### [What you need to do]
Go through the following data and transcribe exactly the stretch of lines from the one holding "#108=EDGE_CURVE('E276',#71,#29,#107,.T.);" to the one holding "#152=PLANE('',#151);", both included.

[Opening Material provided section]

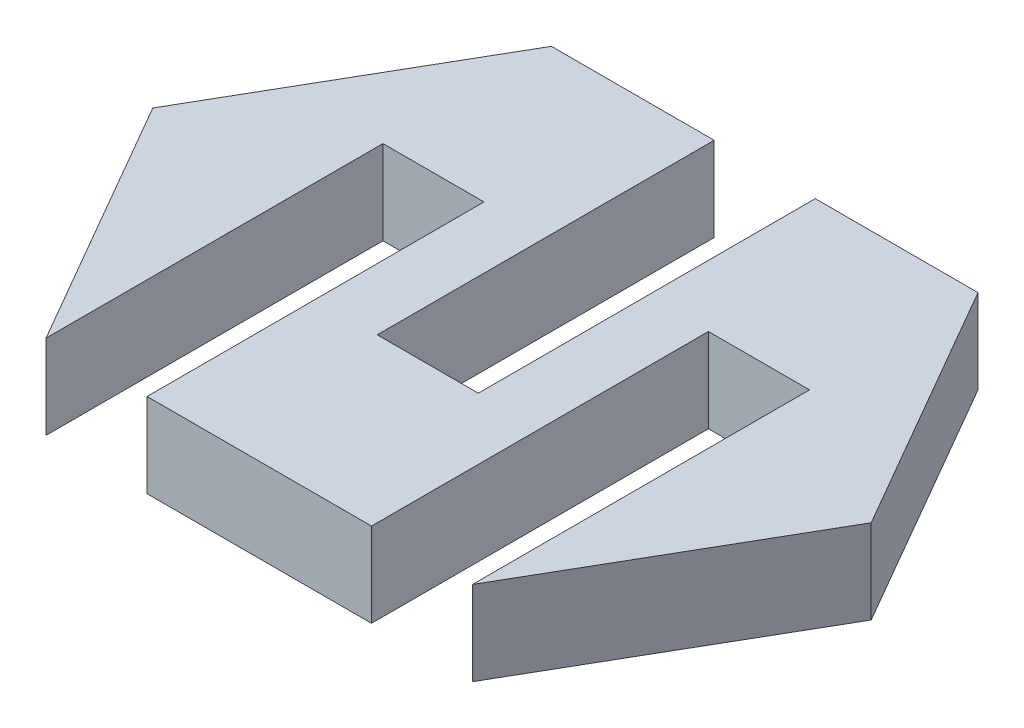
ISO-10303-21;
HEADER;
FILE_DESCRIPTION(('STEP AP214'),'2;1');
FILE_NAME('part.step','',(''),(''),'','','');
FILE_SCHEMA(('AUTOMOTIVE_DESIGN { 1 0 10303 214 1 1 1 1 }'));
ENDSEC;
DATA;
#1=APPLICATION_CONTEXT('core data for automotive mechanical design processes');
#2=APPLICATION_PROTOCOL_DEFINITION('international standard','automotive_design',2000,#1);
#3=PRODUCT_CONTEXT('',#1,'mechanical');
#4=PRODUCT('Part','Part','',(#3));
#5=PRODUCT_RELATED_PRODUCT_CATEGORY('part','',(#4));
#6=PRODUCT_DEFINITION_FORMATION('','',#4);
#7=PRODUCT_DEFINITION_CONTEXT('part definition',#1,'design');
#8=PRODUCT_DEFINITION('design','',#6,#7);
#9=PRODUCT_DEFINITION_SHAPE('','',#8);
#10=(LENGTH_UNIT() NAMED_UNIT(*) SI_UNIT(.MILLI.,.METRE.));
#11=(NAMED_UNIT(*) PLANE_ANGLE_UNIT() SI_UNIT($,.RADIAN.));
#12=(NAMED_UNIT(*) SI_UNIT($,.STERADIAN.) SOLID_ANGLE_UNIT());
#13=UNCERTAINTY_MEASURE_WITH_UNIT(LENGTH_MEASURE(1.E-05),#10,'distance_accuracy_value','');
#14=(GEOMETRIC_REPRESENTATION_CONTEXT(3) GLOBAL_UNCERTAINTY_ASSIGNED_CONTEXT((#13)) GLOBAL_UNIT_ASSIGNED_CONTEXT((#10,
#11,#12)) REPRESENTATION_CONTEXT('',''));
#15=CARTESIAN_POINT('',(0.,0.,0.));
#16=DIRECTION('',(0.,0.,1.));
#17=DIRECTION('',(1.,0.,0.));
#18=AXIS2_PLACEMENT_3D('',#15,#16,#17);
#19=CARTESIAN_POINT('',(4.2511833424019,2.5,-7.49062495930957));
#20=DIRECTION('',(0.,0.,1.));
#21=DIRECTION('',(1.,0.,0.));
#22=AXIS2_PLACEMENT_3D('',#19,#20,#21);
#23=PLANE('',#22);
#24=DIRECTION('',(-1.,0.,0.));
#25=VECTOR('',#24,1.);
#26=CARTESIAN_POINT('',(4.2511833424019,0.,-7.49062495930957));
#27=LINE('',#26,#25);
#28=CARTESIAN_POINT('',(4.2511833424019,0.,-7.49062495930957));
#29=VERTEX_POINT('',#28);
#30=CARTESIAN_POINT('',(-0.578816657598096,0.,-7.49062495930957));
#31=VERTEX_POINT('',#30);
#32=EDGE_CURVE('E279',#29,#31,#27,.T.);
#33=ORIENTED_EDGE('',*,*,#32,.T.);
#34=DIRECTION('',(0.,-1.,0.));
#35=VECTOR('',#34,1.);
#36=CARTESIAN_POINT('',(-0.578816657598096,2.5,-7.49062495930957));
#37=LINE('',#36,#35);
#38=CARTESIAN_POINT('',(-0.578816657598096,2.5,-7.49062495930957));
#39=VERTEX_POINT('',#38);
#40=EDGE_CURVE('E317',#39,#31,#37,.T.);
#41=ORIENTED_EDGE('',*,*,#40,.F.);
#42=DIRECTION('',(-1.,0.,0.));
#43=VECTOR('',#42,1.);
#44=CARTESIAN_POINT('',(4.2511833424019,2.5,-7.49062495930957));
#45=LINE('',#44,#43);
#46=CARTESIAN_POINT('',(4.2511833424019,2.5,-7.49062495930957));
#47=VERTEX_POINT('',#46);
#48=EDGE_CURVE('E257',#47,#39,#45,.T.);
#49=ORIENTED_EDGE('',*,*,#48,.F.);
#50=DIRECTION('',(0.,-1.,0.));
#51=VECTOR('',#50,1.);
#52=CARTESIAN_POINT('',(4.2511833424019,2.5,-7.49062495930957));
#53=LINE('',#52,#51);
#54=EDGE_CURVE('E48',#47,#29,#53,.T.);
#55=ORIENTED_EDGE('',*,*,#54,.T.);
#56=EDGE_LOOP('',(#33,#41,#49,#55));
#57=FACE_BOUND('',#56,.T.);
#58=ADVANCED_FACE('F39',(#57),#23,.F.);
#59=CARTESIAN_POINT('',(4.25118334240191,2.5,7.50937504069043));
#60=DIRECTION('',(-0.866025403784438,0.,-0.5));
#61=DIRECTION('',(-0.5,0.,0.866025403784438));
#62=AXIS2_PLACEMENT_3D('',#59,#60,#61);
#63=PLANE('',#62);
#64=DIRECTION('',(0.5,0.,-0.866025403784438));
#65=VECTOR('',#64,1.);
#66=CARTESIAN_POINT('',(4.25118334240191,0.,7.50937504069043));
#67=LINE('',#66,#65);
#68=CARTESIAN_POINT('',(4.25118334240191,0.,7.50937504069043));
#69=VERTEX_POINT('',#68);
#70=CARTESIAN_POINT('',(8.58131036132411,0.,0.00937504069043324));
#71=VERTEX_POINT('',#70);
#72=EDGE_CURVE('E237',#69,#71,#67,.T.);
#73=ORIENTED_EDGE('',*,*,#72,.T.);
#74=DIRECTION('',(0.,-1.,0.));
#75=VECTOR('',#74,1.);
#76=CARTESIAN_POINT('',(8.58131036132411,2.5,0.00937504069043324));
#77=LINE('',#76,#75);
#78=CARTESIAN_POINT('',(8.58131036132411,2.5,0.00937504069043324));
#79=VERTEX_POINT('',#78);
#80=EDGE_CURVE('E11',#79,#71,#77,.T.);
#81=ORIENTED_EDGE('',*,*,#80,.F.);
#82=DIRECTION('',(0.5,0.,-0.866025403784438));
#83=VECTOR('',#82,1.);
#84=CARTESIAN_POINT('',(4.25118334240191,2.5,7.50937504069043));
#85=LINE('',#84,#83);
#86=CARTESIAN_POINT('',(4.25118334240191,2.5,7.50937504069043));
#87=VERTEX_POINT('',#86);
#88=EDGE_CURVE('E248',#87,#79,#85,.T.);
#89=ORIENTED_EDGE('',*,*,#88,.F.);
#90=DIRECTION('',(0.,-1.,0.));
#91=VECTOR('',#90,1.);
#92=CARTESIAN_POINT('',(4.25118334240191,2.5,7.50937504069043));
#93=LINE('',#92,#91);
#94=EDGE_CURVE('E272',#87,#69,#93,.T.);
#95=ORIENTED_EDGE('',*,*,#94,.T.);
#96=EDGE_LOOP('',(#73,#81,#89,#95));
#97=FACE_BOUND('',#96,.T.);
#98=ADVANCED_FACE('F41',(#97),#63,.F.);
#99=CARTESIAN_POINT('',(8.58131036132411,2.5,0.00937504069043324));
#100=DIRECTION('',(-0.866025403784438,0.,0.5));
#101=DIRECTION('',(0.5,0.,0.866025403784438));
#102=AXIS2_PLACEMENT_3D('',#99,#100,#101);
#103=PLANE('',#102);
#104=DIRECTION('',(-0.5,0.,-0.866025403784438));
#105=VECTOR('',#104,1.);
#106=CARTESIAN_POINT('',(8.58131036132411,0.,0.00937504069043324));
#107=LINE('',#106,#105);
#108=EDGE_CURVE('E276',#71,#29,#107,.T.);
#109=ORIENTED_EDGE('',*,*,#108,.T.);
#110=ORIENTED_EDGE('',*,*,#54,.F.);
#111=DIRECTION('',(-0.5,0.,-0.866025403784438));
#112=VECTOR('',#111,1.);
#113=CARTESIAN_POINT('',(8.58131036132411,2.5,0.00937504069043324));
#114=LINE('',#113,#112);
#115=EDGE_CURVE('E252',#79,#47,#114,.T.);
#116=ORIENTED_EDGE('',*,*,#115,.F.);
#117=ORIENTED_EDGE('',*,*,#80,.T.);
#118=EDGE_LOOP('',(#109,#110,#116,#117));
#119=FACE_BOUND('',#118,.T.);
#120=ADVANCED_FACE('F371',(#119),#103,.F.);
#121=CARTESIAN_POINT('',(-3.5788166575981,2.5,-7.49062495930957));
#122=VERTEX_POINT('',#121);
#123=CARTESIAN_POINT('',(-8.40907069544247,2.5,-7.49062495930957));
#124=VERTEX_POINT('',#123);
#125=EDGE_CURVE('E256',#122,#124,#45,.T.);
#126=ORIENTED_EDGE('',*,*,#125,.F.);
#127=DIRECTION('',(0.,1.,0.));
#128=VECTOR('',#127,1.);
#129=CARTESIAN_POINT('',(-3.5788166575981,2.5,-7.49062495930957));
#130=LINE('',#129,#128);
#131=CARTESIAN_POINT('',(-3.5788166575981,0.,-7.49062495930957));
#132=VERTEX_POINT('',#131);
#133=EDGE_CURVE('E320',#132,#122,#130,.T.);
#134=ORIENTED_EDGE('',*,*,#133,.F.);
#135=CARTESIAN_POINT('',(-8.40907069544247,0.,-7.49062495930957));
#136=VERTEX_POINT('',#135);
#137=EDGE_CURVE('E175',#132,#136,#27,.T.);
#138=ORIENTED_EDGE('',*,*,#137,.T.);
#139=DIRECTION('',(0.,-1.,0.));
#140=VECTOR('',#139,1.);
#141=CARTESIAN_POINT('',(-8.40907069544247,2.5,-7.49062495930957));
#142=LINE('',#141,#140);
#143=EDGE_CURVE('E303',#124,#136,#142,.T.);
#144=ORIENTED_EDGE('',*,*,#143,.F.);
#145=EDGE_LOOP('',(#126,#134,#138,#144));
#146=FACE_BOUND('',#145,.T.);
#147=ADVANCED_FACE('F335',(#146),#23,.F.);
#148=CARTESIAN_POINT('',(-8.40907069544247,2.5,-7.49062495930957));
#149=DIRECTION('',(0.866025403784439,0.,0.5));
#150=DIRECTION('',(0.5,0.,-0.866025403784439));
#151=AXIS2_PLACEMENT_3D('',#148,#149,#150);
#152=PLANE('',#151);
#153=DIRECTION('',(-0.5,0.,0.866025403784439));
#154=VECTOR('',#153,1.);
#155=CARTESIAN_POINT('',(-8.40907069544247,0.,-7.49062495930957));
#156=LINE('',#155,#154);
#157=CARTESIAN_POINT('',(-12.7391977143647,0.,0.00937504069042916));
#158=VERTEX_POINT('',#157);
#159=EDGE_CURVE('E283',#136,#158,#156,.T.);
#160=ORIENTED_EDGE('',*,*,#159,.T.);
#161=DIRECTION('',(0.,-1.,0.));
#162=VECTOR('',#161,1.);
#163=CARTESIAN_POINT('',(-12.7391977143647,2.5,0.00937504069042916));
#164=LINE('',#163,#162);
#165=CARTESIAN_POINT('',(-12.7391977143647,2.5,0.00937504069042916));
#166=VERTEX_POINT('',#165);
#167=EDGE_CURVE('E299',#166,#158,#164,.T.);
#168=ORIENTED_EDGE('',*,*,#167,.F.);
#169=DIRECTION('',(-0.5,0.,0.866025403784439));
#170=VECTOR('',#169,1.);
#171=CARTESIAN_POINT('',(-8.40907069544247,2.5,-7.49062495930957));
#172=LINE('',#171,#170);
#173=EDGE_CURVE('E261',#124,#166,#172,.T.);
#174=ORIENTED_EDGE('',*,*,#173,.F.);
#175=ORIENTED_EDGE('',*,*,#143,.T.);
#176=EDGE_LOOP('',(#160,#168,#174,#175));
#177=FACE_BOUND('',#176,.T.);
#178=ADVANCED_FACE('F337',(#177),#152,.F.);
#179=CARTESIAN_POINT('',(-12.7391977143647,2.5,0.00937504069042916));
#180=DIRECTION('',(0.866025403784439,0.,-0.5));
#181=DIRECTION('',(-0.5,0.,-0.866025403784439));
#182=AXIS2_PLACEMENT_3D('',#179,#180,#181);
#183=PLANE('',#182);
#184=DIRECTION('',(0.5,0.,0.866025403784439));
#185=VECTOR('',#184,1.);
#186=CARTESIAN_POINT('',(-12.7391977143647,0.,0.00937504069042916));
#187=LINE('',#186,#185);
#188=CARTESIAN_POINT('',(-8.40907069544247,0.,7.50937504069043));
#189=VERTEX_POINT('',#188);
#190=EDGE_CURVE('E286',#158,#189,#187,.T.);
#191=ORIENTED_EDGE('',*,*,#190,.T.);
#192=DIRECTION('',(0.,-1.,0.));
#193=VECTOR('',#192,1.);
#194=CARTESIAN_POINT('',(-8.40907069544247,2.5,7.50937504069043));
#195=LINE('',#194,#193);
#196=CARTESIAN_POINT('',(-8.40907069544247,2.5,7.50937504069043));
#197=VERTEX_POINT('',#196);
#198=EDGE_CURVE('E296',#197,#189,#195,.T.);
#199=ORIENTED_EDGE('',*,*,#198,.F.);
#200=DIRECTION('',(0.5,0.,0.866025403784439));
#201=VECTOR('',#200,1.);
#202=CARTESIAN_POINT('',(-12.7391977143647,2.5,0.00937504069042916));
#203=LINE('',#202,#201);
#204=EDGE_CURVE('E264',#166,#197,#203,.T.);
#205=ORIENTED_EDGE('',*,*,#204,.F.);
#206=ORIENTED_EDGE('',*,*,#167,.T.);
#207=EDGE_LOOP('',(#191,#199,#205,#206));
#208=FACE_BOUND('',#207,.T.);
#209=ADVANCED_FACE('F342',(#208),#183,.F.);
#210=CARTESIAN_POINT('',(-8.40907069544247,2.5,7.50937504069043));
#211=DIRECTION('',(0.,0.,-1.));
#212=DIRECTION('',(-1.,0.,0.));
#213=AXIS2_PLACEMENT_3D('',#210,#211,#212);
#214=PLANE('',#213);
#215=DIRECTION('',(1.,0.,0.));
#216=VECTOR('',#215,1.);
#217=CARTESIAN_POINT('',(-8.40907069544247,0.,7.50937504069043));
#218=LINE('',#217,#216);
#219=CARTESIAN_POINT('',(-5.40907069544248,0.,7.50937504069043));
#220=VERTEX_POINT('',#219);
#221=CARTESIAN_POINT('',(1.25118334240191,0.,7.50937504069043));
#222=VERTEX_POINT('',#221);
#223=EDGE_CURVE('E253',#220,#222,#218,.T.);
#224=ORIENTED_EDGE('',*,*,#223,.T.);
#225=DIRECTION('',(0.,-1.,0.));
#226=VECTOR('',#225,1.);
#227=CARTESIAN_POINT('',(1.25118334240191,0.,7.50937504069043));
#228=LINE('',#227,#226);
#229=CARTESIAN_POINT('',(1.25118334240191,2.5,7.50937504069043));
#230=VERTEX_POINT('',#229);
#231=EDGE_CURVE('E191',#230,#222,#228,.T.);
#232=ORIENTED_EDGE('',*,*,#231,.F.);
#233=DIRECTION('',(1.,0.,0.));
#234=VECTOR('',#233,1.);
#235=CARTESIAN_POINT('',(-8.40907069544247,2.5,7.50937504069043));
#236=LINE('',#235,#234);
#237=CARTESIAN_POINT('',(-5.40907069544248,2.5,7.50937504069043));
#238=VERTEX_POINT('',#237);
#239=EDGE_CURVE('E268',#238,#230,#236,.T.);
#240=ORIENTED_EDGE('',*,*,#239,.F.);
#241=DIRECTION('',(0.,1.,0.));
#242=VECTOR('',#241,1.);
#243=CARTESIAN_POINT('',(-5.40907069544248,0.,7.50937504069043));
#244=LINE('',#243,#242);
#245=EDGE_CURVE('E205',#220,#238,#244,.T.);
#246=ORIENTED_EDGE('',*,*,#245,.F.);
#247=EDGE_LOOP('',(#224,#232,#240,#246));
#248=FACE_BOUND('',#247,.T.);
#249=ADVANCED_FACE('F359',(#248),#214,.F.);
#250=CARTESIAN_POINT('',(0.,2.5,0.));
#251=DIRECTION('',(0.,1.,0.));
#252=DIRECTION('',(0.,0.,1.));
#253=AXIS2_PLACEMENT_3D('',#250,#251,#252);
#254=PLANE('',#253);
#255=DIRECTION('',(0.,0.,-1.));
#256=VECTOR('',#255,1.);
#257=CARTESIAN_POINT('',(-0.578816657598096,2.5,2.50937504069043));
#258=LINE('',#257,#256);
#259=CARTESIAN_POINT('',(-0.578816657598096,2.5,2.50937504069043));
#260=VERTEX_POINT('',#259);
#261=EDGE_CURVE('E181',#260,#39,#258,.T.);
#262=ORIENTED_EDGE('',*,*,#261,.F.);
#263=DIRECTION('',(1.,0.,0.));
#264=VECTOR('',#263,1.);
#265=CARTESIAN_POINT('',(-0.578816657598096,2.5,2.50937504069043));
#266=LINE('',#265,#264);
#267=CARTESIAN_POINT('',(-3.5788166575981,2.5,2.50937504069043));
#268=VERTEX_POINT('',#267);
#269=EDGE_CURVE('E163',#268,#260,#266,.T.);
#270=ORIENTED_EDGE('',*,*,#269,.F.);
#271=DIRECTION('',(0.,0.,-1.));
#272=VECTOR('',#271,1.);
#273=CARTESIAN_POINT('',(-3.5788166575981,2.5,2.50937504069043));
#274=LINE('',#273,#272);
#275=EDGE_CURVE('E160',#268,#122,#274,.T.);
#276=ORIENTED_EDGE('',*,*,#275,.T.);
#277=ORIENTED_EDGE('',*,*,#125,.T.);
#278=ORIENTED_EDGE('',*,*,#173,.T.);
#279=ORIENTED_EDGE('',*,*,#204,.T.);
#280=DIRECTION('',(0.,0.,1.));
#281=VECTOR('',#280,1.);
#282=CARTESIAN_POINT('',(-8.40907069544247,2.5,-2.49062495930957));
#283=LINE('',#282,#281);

[Closing Material provided section]

### [Solution to this problem]
#108=EDGE_CURVE('E276',#71,#29,#107,.T.);
#109=ORIENTED_EDGE('',*,*,#108,.T.);
#110=ORIENTED_EDGE('',*,*,#54,.F.);
#111=DIRECTION('',(-0.5,0.,-0.866025403784438));
#112=VECTOR('',#111,1.);
#113=CARTESIAN_POINT('',(8.58131036132411,2.5,0.00937504069043324));
#114=LINE('',#113,#112);
#115=EDGE_CURVE('E252',#79,#47,#114,.T.);
#116=ORIENTED_EDGE('',*,*,#115,.F.);
#117=ORIENTED_EDGE('',*,*,#80,.T.);
#118=EDGE_LOOP('',(#109,#110,#116,#117));
#119=FACE_BOUND('',#118,.T.);
#120=ADVANCED_FACE('F371',(#119),#103,.F.);
#121=CARTESIAN_POINT('',(-3.5788166575981,2.5,-7.49062495930957));
#122=VERTEX_POINT('',#121);
#123=CARTESIAN_POINT('',(-8.40907069544247,2.5,-7.49062495930957));
#124=VERTEX_POINT('',#123);
#125=EDGE_CURVE('E256',#122,#124,#45,.T.);
#126=ORIENTED_EDGE('',*,*,#125,.F.);
#127=DIRECTION('',(0.,1.,0.));
#128=VECTOR('',#127,1.);
#129=CARTESIAN_POINT('',(-3.5788166575981,2.5,-7.49062495930957));
#130=LINE('',#129,#128);
#131=CARTESIAN_POINT('',(-3.5788166575981,0.,-7.49062495930957));
#132=VERTEX_POINT('',#131);
#133=EDGE_CURVE('E320',#132,#122,#130,.T.);
#134=ORIENTED_EDGE('',*,*,#133,.F.);
#135=CARTESIAN_POINT('',(-8.40907069544247,0.,-7.49062495930957));
#136=VERTEX_POINT('',#135);
#137=EDGE_CURVE('E175',#132,#136,#27,.T.);
#138=ORIENTED_EDGE('',*,*,#137,.T.);
#139=DIRECTION('',(0.,-1.,0.));
#140=VECTOR('',#139,1.);
#141=CARTESIAN_POINT('',(-8.40907069544247,2.5,-7.49062495930957));
#142=LINE('',#141,#140);
#143=EDGE_CURVE('E303',#124,#136,#142,.T.);
#144=ORIENTED_EDGE('',*,*,#143,.F.);
#145=EDGE_LOOP('',(#126,#134,#138,#144));
#146=FACE_BOUND('',#145,.T.);
#147=ADVANCED_FACE('F335',(#146),#23,.F.);
#148=CARTESIAN_POINT('',(-8.40907069544247,2.5,-7.49062495930957));
#149=DIRECTION('',(0.866025403784439,0.,0.5));
#150=DIRECTION('',(0.5,0.,-0.866025403784439));
#151=AXIS2_PLACEMENT_3D('',#148,#149,#150);
#152=PLANE('',#151);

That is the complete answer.